**THE PROBLEM**
Look through the data below and extract, unchanged, the lines from the one that contains "#64=DIRECTION('',(1.,0.,0.));" to the one that contains "#78=AXIS2_PLACEMENT_3D('',#75,#76,#77);", both included.

**Excerpts from a dataset**

+++

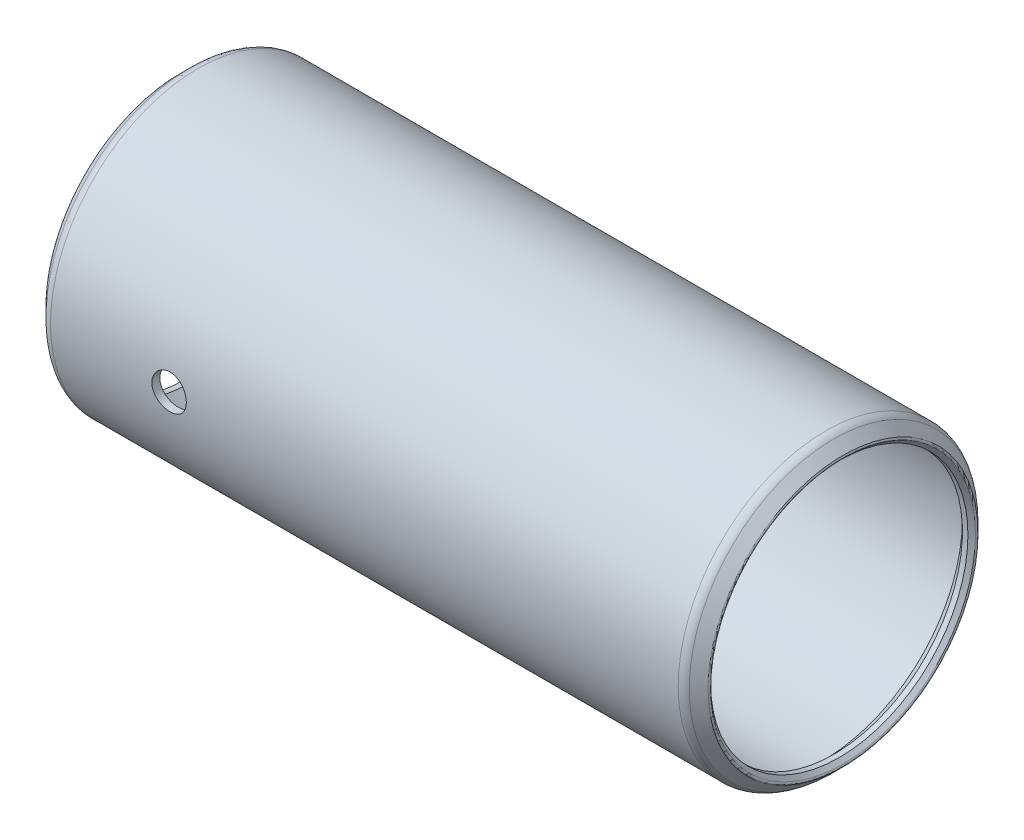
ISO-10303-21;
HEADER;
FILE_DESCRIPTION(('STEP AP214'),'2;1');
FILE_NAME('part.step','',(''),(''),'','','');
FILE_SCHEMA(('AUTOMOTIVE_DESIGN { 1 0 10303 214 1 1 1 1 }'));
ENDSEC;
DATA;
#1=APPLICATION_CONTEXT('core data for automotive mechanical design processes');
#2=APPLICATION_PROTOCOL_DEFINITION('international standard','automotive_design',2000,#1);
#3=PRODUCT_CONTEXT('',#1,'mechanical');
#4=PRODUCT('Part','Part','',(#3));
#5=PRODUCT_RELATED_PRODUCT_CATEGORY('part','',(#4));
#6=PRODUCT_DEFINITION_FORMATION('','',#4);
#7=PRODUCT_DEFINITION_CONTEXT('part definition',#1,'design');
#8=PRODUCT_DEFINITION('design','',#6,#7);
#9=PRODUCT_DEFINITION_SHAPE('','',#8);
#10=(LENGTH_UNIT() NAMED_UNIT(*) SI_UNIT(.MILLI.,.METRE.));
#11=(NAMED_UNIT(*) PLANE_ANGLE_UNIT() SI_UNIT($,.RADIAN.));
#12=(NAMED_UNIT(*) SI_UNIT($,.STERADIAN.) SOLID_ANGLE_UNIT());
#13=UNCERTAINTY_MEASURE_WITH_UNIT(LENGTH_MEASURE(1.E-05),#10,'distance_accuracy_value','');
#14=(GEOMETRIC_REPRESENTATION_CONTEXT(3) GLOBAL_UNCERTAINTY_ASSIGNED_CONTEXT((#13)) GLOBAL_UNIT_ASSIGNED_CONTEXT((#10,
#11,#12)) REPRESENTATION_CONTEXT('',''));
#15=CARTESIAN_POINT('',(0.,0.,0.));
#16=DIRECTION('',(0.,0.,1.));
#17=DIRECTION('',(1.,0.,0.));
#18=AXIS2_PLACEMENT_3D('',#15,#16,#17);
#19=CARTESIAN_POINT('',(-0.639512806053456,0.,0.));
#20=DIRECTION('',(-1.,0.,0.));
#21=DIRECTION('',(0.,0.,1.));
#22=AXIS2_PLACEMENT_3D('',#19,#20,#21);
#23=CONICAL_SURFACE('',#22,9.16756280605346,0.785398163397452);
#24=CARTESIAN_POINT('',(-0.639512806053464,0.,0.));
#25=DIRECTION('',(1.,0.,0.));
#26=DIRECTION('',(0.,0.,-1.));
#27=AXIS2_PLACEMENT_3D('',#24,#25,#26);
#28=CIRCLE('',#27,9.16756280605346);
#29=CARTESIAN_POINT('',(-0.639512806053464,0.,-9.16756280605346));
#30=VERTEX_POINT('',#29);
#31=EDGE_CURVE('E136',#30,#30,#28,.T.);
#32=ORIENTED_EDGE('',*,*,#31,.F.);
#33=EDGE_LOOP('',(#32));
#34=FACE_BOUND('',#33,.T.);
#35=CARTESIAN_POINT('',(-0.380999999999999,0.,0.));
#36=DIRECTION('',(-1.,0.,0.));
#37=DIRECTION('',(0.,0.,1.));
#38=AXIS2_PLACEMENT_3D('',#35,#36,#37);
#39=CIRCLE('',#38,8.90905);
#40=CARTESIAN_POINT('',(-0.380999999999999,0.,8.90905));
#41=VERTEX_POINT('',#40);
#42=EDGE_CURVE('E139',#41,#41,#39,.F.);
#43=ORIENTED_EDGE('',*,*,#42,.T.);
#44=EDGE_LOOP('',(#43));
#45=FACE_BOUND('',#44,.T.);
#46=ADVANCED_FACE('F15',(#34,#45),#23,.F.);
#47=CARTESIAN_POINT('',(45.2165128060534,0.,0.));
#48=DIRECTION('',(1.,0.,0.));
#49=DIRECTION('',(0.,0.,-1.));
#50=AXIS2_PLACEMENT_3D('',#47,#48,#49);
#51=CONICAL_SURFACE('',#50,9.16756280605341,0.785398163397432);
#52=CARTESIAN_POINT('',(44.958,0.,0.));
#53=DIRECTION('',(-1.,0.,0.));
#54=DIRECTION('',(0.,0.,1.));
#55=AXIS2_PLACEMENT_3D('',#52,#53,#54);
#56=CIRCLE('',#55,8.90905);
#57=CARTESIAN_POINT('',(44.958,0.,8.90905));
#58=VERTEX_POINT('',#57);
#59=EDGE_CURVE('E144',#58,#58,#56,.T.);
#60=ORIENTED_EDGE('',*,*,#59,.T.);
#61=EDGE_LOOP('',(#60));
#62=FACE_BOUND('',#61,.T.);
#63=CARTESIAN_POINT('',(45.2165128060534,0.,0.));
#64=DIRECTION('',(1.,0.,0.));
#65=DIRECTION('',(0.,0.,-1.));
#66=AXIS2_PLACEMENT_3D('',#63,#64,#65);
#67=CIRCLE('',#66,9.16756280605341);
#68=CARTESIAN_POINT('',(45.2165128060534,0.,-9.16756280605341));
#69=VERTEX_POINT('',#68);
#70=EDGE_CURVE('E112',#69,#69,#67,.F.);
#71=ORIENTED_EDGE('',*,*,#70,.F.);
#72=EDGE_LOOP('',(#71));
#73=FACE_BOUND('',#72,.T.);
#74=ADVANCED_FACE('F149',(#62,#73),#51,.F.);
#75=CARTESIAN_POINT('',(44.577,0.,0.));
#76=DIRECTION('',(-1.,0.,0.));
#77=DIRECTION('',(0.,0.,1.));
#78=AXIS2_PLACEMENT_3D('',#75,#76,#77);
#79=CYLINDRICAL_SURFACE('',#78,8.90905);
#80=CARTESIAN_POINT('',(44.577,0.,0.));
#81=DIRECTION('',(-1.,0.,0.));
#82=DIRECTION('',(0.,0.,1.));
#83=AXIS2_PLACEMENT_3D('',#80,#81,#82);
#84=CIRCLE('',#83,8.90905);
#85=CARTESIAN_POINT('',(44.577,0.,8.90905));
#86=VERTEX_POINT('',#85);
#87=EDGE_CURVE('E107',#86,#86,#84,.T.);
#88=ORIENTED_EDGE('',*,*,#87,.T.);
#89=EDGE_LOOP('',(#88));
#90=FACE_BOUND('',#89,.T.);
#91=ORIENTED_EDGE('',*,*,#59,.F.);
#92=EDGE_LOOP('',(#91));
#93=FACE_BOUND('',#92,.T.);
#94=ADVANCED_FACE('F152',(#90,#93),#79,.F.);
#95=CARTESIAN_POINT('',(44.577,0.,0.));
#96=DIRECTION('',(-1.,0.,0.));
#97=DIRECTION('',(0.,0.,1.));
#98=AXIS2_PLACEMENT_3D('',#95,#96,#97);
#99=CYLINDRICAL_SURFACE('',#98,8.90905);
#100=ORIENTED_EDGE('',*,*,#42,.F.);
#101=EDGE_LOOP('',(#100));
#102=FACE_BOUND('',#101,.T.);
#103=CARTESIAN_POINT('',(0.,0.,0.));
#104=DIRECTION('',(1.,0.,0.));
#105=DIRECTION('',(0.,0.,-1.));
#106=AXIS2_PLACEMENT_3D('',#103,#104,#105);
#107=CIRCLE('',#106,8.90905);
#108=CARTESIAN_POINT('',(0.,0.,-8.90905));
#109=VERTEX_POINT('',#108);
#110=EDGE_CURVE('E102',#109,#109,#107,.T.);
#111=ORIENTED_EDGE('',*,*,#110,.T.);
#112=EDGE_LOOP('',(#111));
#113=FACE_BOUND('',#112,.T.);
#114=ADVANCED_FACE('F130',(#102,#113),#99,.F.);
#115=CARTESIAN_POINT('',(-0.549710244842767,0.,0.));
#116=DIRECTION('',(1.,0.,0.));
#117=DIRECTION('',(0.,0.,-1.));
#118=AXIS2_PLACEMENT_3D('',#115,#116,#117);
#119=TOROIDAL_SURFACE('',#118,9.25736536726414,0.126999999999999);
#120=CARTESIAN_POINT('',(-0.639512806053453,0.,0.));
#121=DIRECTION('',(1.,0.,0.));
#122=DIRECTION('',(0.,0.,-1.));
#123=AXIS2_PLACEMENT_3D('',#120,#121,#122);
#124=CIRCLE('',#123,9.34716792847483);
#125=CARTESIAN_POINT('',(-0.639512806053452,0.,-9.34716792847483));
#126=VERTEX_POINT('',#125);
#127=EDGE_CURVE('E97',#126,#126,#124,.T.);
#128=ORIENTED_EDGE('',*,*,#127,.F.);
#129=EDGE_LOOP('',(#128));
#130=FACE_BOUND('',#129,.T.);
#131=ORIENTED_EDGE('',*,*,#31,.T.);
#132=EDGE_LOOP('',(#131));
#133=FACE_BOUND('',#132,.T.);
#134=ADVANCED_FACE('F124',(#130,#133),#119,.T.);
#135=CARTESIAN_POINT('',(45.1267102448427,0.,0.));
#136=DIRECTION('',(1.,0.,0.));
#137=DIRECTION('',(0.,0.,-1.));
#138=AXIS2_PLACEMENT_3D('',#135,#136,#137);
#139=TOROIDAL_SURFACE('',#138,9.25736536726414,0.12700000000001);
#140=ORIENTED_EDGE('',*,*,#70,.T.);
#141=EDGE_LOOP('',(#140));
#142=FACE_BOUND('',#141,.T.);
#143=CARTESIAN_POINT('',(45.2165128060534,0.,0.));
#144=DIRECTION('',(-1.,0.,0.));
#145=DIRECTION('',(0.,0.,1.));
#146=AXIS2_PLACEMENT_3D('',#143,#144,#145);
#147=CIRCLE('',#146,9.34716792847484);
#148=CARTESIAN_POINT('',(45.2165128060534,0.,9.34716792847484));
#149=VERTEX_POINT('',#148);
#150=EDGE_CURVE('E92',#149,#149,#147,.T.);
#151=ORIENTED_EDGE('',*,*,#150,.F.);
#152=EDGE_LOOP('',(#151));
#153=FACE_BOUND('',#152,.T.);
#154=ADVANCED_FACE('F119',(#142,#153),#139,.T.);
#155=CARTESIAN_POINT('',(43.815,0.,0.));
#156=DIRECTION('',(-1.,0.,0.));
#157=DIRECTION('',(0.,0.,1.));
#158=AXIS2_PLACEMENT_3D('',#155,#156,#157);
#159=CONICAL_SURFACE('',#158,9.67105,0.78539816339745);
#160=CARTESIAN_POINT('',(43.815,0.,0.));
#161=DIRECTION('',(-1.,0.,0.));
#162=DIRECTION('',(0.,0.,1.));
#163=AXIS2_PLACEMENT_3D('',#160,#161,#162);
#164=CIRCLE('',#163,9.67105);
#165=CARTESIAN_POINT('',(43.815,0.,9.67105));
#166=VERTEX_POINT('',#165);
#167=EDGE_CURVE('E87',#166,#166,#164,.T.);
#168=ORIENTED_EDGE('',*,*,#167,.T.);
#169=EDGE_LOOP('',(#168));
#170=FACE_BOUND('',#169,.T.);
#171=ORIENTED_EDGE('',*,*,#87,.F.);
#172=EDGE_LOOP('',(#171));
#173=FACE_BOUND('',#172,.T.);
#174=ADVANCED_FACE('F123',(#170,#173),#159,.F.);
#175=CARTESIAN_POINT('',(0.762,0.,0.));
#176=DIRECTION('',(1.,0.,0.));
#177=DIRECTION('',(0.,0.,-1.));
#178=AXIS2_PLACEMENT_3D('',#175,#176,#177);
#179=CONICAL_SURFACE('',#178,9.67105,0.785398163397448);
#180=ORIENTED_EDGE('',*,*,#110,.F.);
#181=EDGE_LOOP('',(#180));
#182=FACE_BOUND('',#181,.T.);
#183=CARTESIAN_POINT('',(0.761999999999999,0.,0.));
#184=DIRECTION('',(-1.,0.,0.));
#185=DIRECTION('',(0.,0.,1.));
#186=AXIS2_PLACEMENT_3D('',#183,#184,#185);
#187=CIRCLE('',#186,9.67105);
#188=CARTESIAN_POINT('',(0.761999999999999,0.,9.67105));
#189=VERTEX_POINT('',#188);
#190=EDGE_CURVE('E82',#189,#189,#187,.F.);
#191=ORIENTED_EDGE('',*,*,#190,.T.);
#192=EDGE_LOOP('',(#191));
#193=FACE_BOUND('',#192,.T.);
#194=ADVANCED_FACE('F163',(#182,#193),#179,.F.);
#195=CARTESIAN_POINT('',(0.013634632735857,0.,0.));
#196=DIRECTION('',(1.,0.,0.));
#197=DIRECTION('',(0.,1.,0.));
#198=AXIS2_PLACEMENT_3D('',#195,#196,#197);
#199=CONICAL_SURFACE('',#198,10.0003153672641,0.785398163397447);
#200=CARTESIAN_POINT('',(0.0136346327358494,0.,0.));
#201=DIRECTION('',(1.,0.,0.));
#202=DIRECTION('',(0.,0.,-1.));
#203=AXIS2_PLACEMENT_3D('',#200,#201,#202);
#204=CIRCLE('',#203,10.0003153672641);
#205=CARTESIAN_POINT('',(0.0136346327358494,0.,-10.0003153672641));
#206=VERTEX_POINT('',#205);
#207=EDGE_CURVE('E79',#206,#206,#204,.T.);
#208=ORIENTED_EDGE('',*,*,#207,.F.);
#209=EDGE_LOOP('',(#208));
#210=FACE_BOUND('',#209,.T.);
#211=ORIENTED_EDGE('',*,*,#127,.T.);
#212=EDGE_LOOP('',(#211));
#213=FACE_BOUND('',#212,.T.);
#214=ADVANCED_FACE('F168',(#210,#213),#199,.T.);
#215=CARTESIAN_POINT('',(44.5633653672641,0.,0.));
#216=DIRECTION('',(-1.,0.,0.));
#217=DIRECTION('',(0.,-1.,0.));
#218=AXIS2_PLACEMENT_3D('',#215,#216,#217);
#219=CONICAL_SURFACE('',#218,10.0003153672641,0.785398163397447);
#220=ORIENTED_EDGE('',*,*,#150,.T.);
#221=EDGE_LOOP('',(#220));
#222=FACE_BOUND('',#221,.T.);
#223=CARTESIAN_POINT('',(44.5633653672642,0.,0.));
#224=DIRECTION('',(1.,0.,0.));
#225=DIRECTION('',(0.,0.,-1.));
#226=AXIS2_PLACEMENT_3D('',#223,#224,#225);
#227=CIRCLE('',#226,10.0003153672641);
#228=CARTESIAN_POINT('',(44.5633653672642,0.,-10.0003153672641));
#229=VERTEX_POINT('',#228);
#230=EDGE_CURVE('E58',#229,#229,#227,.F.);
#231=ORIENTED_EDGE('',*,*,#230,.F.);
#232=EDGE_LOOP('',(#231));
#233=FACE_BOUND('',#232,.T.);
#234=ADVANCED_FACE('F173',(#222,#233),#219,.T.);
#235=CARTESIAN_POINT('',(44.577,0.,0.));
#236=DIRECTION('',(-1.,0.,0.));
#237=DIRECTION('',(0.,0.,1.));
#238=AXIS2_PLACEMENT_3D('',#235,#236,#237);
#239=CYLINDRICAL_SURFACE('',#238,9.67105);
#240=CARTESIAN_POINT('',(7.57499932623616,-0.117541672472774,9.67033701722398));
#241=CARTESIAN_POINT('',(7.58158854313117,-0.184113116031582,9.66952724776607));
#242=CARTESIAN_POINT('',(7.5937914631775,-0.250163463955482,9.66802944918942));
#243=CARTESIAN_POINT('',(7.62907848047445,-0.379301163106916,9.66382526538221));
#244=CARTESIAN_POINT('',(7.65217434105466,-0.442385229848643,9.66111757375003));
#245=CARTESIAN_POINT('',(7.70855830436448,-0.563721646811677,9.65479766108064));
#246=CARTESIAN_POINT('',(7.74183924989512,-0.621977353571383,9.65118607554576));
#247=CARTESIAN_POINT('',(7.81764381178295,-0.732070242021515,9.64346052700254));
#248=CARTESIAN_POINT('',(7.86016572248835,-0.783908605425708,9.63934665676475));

+++

**RESPONSE AREA**
#64=DIRECTION('',(1.,0.,0.));
#65=DIRECTION('',(0.,0.,-1.));
#66=AXIS2_PLACEMENT_3D('',#63,#64,#65);
#67=CIRCLE('',#66,9.16756280605341);
#68=CARTESIAN_POINT('',(45.2165128060534,0.,-9.16756280605341));
#69=VERTEX_POINT('',#68);
#70=EDGE_CURVE('E112',#69,#69,#67,.F.);
#71=ORIENTED_EDGE('',*,*,#70,.F.);
#72=EDGE_LOOP('',(#71));
#73=FACE_BOUND('',#72,.T.);
#74=ADVANCED_FACE('F149',(#62,#73),#51,.F.);
#75=CARTESIAN_POINT('',(44.577,0.,0.));
#76=DIRECTION('',(-1.,0.,0.));
#77=DIRECTION('',(0.,0.,1.));
#78=AXIS2_PLACEMENT_3D('',#75,#76,#77);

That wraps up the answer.